• EXERCISE BRIEF: Taking the line with "settings RTWCC: SystemTargetFile=ert.tlc" as the first and the line with "settings: ClickFcn=sim('dry_test', 60);" as the last, set down the lines below exactly, pictures excluded.

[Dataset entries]
================================
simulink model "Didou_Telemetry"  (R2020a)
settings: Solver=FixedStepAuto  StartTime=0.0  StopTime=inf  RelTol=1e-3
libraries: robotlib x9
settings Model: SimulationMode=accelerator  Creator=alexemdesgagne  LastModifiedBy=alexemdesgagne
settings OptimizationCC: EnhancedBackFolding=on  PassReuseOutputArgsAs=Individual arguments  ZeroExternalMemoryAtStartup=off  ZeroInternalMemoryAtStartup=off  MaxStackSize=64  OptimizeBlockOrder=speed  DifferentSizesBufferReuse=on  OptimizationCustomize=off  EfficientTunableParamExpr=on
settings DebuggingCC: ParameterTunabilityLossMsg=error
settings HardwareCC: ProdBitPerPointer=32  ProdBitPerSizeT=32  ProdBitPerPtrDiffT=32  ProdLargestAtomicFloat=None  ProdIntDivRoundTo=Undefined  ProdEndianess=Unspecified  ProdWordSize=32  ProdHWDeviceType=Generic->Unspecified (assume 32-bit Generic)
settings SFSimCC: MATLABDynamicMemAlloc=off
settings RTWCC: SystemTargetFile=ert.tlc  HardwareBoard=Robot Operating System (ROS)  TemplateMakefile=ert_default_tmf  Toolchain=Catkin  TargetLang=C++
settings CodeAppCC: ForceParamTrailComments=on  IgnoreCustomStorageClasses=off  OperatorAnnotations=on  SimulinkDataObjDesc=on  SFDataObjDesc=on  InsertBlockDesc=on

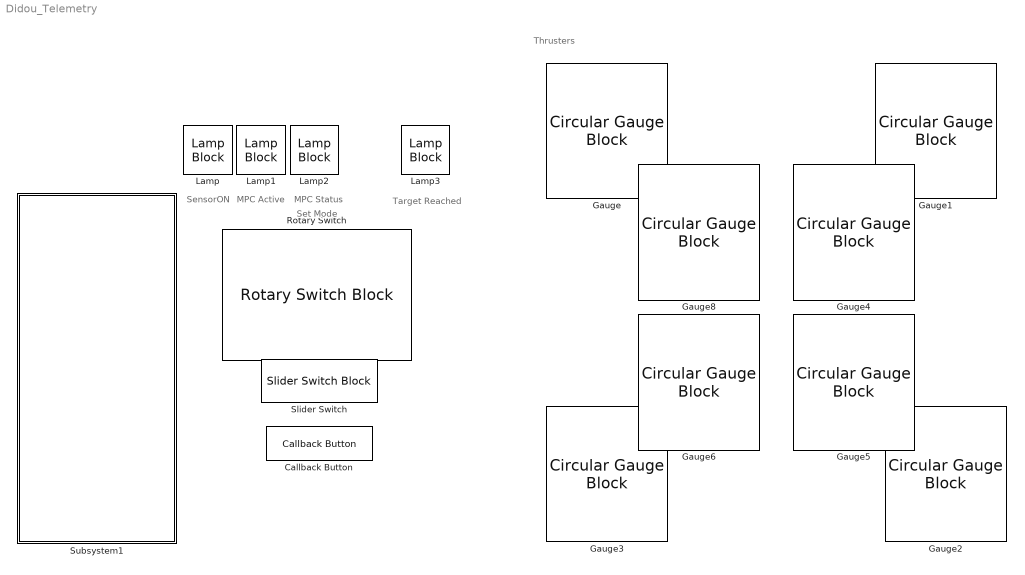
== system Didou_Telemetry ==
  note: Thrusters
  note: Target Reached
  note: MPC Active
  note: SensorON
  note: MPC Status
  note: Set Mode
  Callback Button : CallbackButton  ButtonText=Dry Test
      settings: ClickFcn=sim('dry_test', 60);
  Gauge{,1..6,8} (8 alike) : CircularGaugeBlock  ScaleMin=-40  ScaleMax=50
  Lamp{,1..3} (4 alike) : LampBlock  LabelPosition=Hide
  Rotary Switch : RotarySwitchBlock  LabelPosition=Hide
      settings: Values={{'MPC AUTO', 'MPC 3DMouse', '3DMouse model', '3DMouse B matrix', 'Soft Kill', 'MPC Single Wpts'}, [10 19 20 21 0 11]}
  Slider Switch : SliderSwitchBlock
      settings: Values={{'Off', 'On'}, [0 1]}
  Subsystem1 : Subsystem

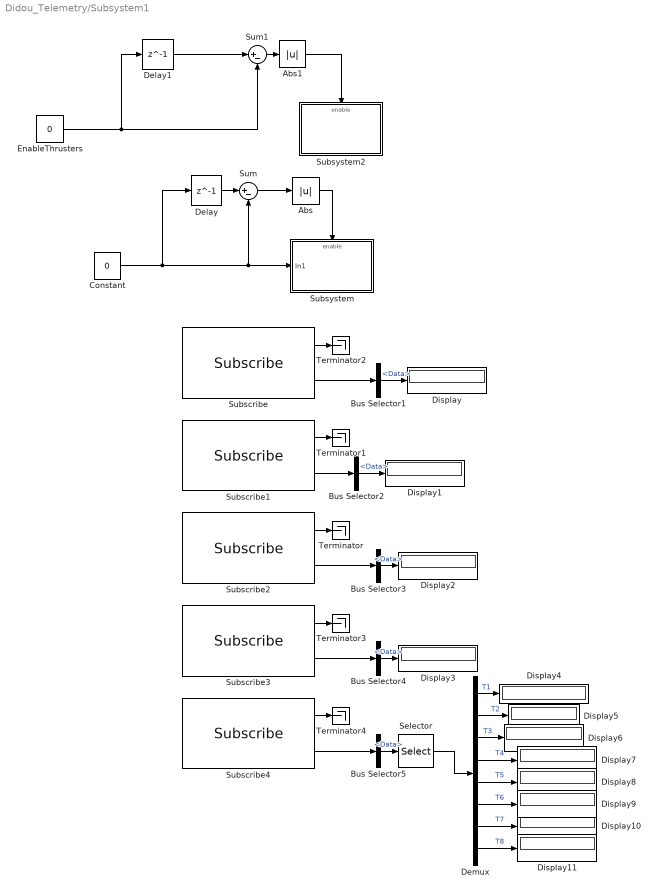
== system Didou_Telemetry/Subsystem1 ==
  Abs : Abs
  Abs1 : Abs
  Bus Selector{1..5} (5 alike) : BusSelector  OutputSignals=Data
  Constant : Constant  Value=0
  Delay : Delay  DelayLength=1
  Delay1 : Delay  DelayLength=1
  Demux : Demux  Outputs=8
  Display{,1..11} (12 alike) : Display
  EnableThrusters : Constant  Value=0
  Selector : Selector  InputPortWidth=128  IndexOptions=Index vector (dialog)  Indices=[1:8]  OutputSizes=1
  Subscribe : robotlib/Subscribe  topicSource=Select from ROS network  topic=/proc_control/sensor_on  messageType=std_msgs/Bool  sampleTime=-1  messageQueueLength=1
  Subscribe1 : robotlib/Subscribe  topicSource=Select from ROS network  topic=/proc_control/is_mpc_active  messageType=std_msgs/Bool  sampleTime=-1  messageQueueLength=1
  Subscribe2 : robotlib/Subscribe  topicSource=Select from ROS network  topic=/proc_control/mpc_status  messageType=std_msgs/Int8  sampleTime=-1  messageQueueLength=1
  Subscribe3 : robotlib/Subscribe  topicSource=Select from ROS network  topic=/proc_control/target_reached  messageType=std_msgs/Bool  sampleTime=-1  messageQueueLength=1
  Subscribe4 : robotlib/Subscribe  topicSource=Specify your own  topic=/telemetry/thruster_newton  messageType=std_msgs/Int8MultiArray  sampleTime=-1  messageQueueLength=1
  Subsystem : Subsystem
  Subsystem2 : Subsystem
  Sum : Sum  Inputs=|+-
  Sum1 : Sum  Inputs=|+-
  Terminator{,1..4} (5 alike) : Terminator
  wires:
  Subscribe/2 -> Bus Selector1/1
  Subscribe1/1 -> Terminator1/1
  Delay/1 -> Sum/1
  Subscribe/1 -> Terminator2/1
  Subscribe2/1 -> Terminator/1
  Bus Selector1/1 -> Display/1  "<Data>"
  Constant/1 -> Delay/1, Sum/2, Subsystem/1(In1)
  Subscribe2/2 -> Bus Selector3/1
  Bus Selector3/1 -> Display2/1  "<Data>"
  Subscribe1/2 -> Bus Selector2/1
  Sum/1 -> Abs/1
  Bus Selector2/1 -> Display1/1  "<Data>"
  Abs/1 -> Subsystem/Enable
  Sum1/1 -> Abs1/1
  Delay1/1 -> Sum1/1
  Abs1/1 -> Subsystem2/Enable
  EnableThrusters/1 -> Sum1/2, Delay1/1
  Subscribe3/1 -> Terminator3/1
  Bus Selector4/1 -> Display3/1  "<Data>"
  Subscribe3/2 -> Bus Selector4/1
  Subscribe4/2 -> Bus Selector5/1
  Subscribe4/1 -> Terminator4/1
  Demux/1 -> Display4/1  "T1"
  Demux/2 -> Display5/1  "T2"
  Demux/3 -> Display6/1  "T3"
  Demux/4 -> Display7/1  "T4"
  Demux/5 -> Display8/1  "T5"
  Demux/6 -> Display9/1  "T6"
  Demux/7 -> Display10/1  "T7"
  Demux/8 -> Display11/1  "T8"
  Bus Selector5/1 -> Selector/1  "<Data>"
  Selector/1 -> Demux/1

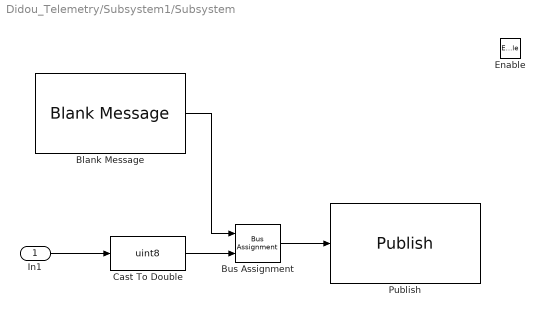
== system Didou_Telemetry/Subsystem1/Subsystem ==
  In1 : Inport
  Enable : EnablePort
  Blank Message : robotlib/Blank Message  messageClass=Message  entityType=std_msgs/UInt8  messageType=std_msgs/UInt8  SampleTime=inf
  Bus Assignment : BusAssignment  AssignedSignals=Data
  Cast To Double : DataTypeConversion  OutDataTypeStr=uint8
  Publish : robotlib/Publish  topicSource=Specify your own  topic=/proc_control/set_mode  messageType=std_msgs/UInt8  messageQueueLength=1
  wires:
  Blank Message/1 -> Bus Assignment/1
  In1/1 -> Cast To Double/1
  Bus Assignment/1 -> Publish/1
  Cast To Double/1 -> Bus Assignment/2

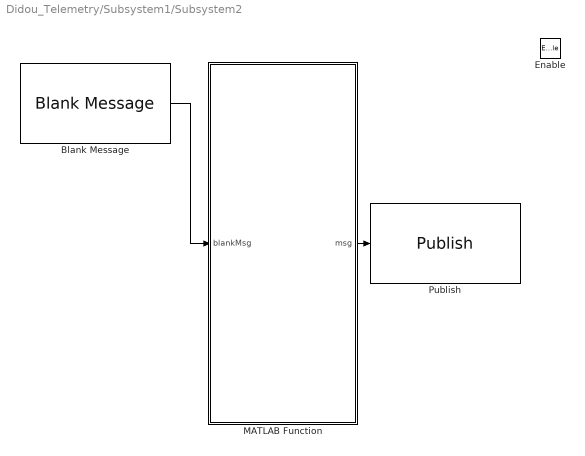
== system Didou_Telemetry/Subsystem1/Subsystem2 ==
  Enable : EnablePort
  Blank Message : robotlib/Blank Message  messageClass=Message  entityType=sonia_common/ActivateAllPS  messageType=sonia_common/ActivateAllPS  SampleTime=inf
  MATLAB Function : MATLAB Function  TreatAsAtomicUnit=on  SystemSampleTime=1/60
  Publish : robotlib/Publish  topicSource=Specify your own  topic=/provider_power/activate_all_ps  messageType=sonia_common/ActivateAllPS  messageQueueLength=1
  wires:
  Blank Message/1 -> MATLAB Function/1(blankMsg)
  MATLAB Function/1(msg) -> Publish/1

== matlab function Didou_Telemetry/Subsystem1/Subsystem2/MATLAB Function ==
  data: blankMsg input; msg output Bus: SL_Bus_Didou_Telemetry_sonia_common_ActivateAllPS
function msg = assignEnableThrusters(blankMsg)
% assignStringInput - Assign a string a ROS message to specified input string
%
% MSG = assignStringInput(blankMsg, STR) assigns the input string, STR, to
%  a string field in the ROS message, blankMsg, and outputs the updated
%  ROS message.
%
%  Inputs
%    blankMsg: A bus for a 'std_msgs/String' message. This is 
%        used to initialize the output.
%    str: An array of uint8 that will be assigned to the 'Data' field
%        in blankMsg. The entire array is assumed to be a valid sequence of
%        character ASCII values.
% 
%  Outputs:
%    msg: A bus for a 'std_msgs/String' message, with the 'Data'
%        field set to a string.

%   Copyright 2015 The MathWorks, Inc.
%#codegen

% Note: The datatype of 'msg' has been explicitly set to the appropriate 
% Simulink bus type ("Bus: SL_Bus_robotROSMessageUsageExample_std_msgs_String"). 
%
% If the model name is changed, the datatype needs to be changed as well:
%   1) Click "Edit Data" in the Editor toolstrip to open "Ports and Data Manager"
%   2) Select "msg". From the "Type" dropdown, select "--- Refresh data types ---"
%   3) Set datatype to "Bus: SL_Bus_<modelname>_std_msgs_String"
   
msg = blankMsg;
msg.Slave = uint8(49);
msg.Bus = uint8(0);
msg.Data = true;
================================
• EXERCISE ANSWER:
settings RTWCC: SystemTargetFile=ert.tlc  HardwareBoard=Robot Operating System (ROS)  TemplateMakefile=ert_default_tmf  Toolchain=Catkin  TargetLang=C++
settings CodeAppCC: ForceParamTrailComments=on  IgnoreCustomStorageClasses=off  OperatorAnnotations=on  SimulinkDataObjDesc=on  SFDataObjDesc=on  InsertBlockDesc=on

== system Didou_Telemetry ==
  note: Thrusters
  note: Target Reached
  note: MPC Active
  note: SensorON
  note: MPC Status
  note: Set Mode
  Callback Button : CallbackButton  ButtonText=Dry Test
      settings: ClickFcn=sim('dry_test', 60);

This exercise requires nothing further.